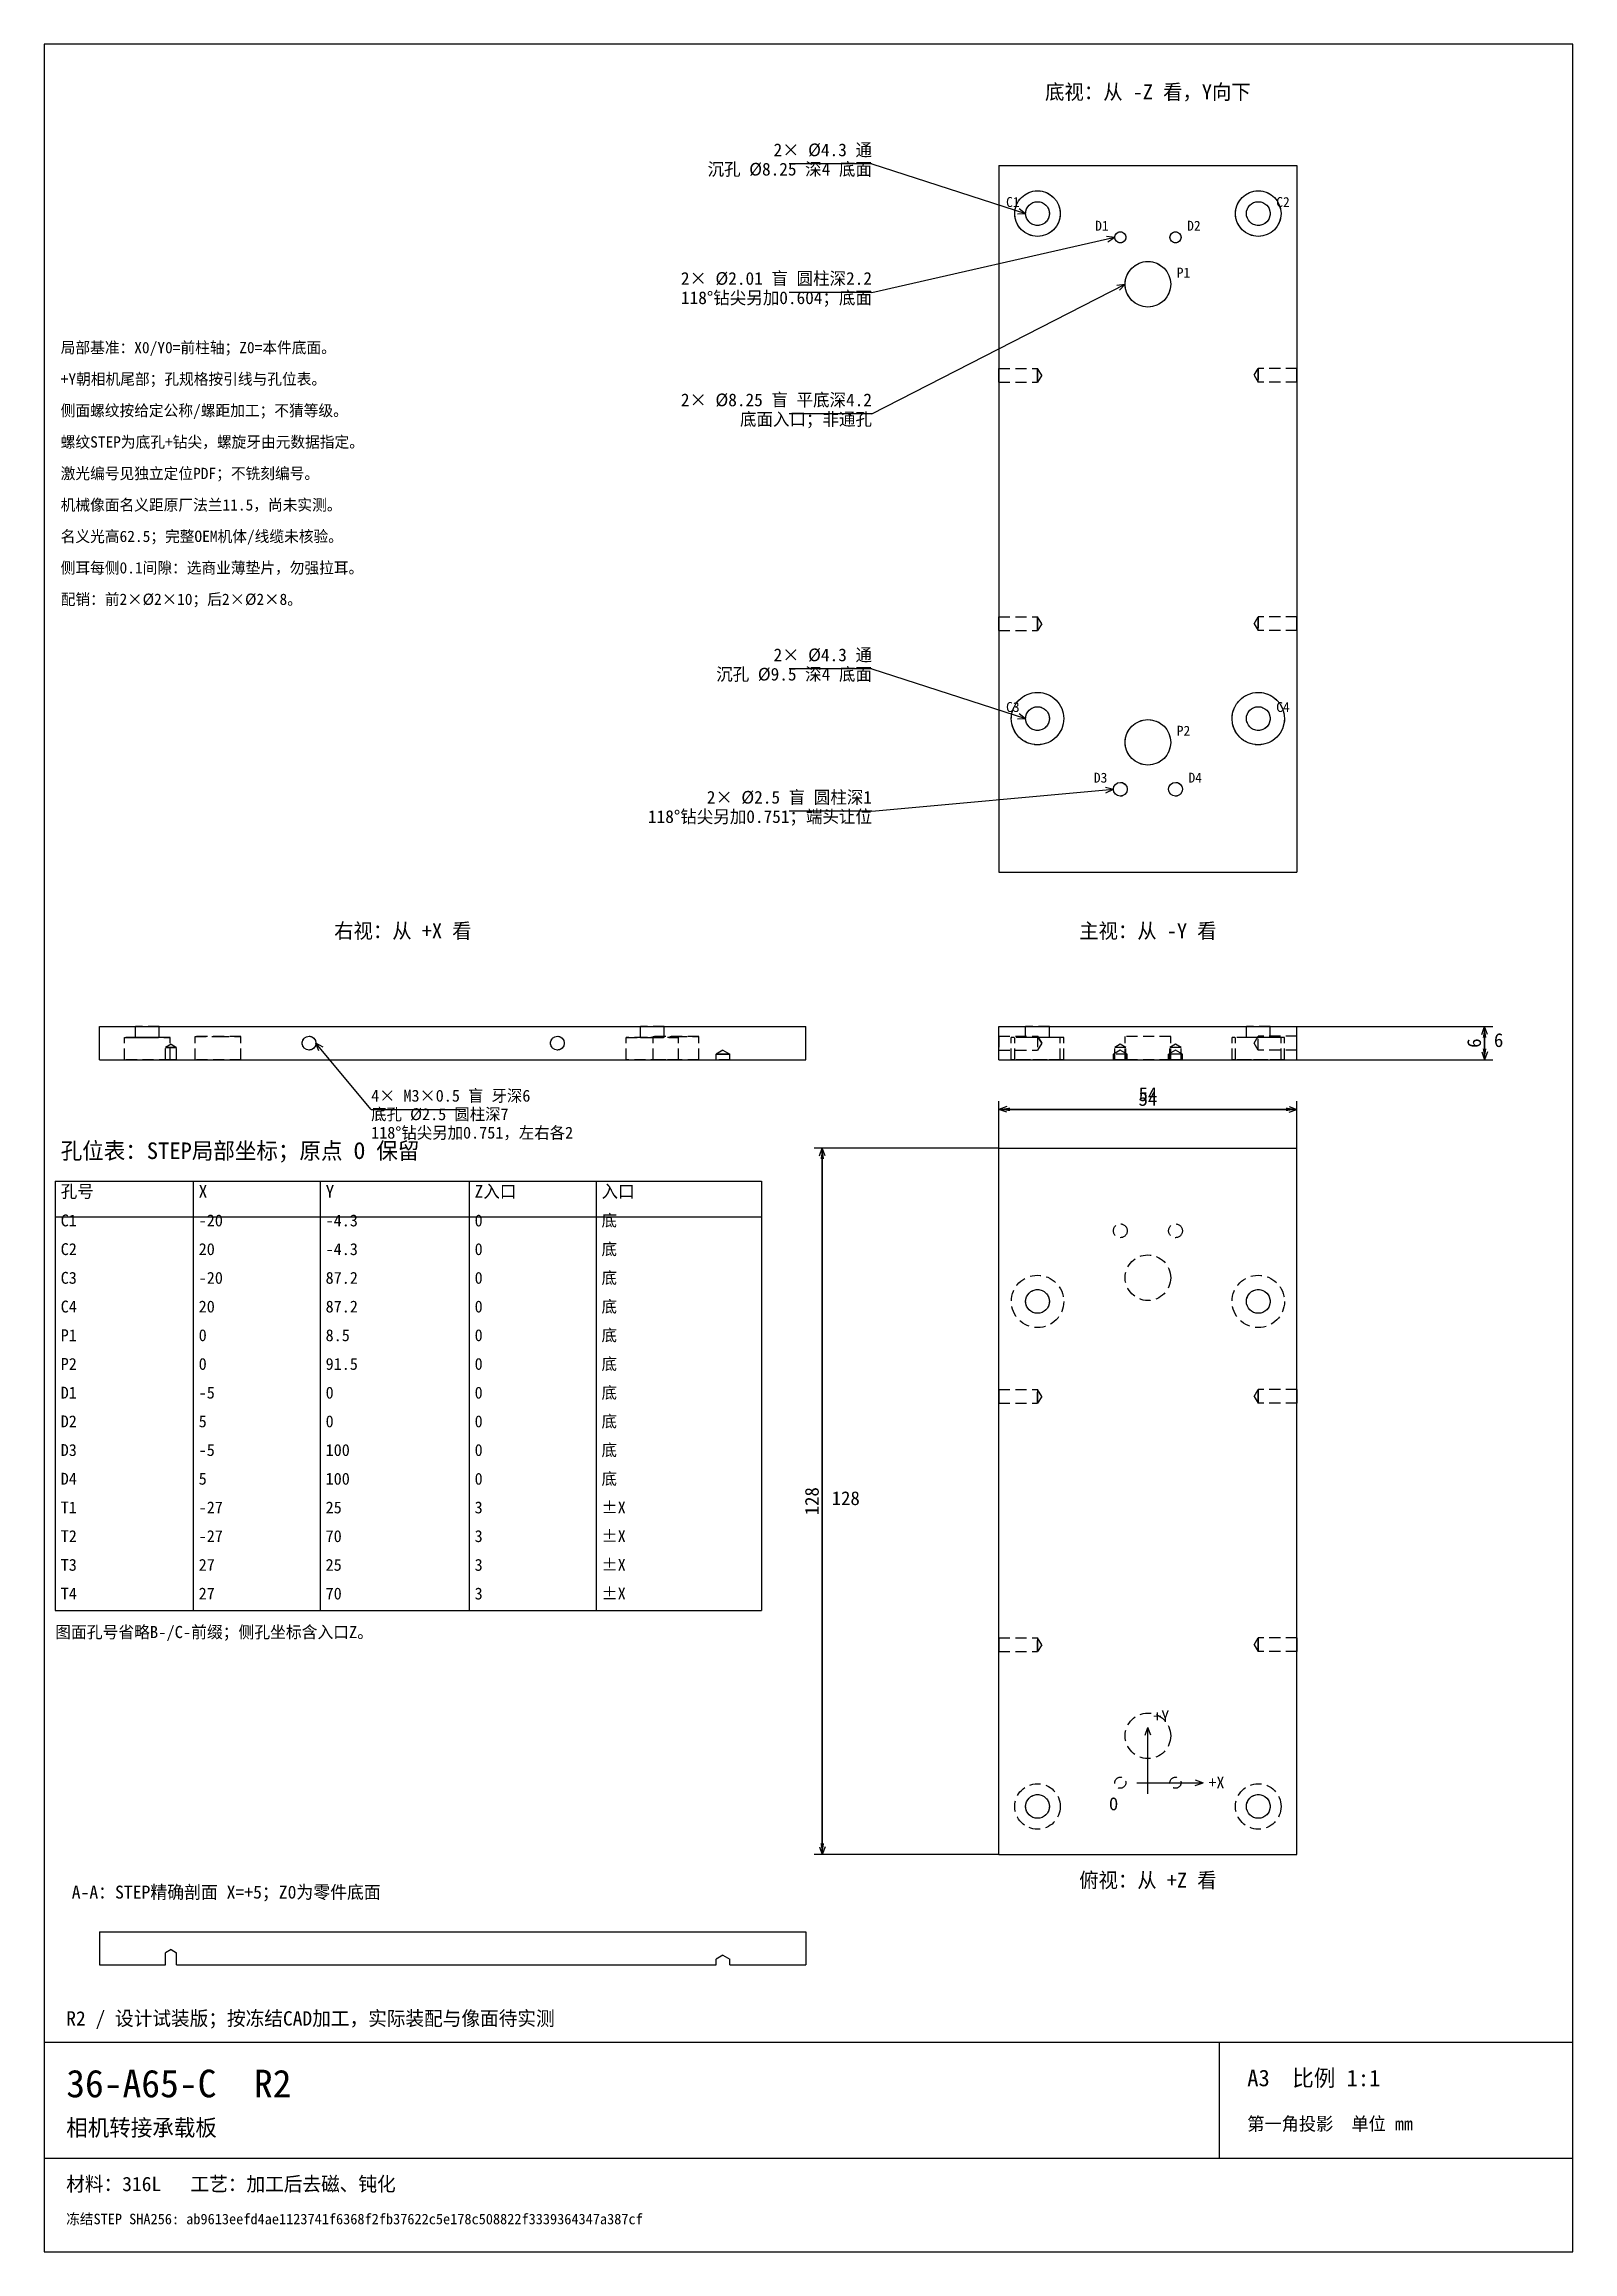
# Model space of a CAD drawing. Header units: millimetres. Extents: x 10 to 287, y 10 to 410.
import ezdxf
from ezdxf.enums import TextEntityAlignment as Align

# ---------------------------------------------------------------- set-up
doc = ezdxf.new("R2010")
doc.units = ezdxf.units.MM
doc.linetypes.add('ZZHIDDEN', pattern=[3, 2, -1])
for name, color, linetype in [('ANNOTATIONS', 3, 'Continuous'), ('DATUM', 1, 'Continuous'), ('DIMENSIONS', 2, 'Continuous'), ('HIDDEN', 8, 'ZZHIDDEN'), ('VISIBLE', 7, 'Continuous')]:
    doc.layers.add(name, color=color, linetype=linetype)
doc.dimstyles.new('ZZ_MM', dxfattribs={"dimtxt": 2.5, "dimasz": 2, "dimexe": 1.5, "dimexo": 1, "dimtad": 1, "dimdec": 3, "dimcen": 2.5, "dimazin": 3, "dimtfac": 1, "dimtmove": 0, "dimatfit": 3})

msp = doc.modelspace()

_____

Omit all pictures and repeat the rest of the records verbatim.

# Model space of a CAD drawing. Header units: millimetres. Extents: x 10 to 287, y 10 to 410.
import ezdxf
from ezdxf.enums import TextEntityAlignment as Align

# ---------------------------------------------------------------- set-up
doc = ezdxf.new("R2010")
doc.units = ezdxf.units.MM
doc.linetypes.add('ZZHIDDEN', pattern=[3, 2, -1])
for name, color, linetype in [('ANNOTATIONS', 3, 'Continuous'), ('DATUM', 1, 'Continuous'), ('DIMENSIONS', 2, 'Continuous'), ('HIDDEN', 8, 'ZZHIDDEN'), ('VISIBLE', 7, 'Continuous')]:
    doc.layers.add(name, color=color, linetype=linetype)
doc.dimstyles.new('ZZ_MM', dxfattribs={"dimtxt": 2.5, "dimasz": 2, "dimexe": 1.5, "dimexo": 1, "dimtad": 1, "dimdec": 3, "dimcen": 2.5, "dimazin": 3, "dimtfac": 1, "dimtmove": 0, "dimatfit": 3})

msp = doc.modelspace()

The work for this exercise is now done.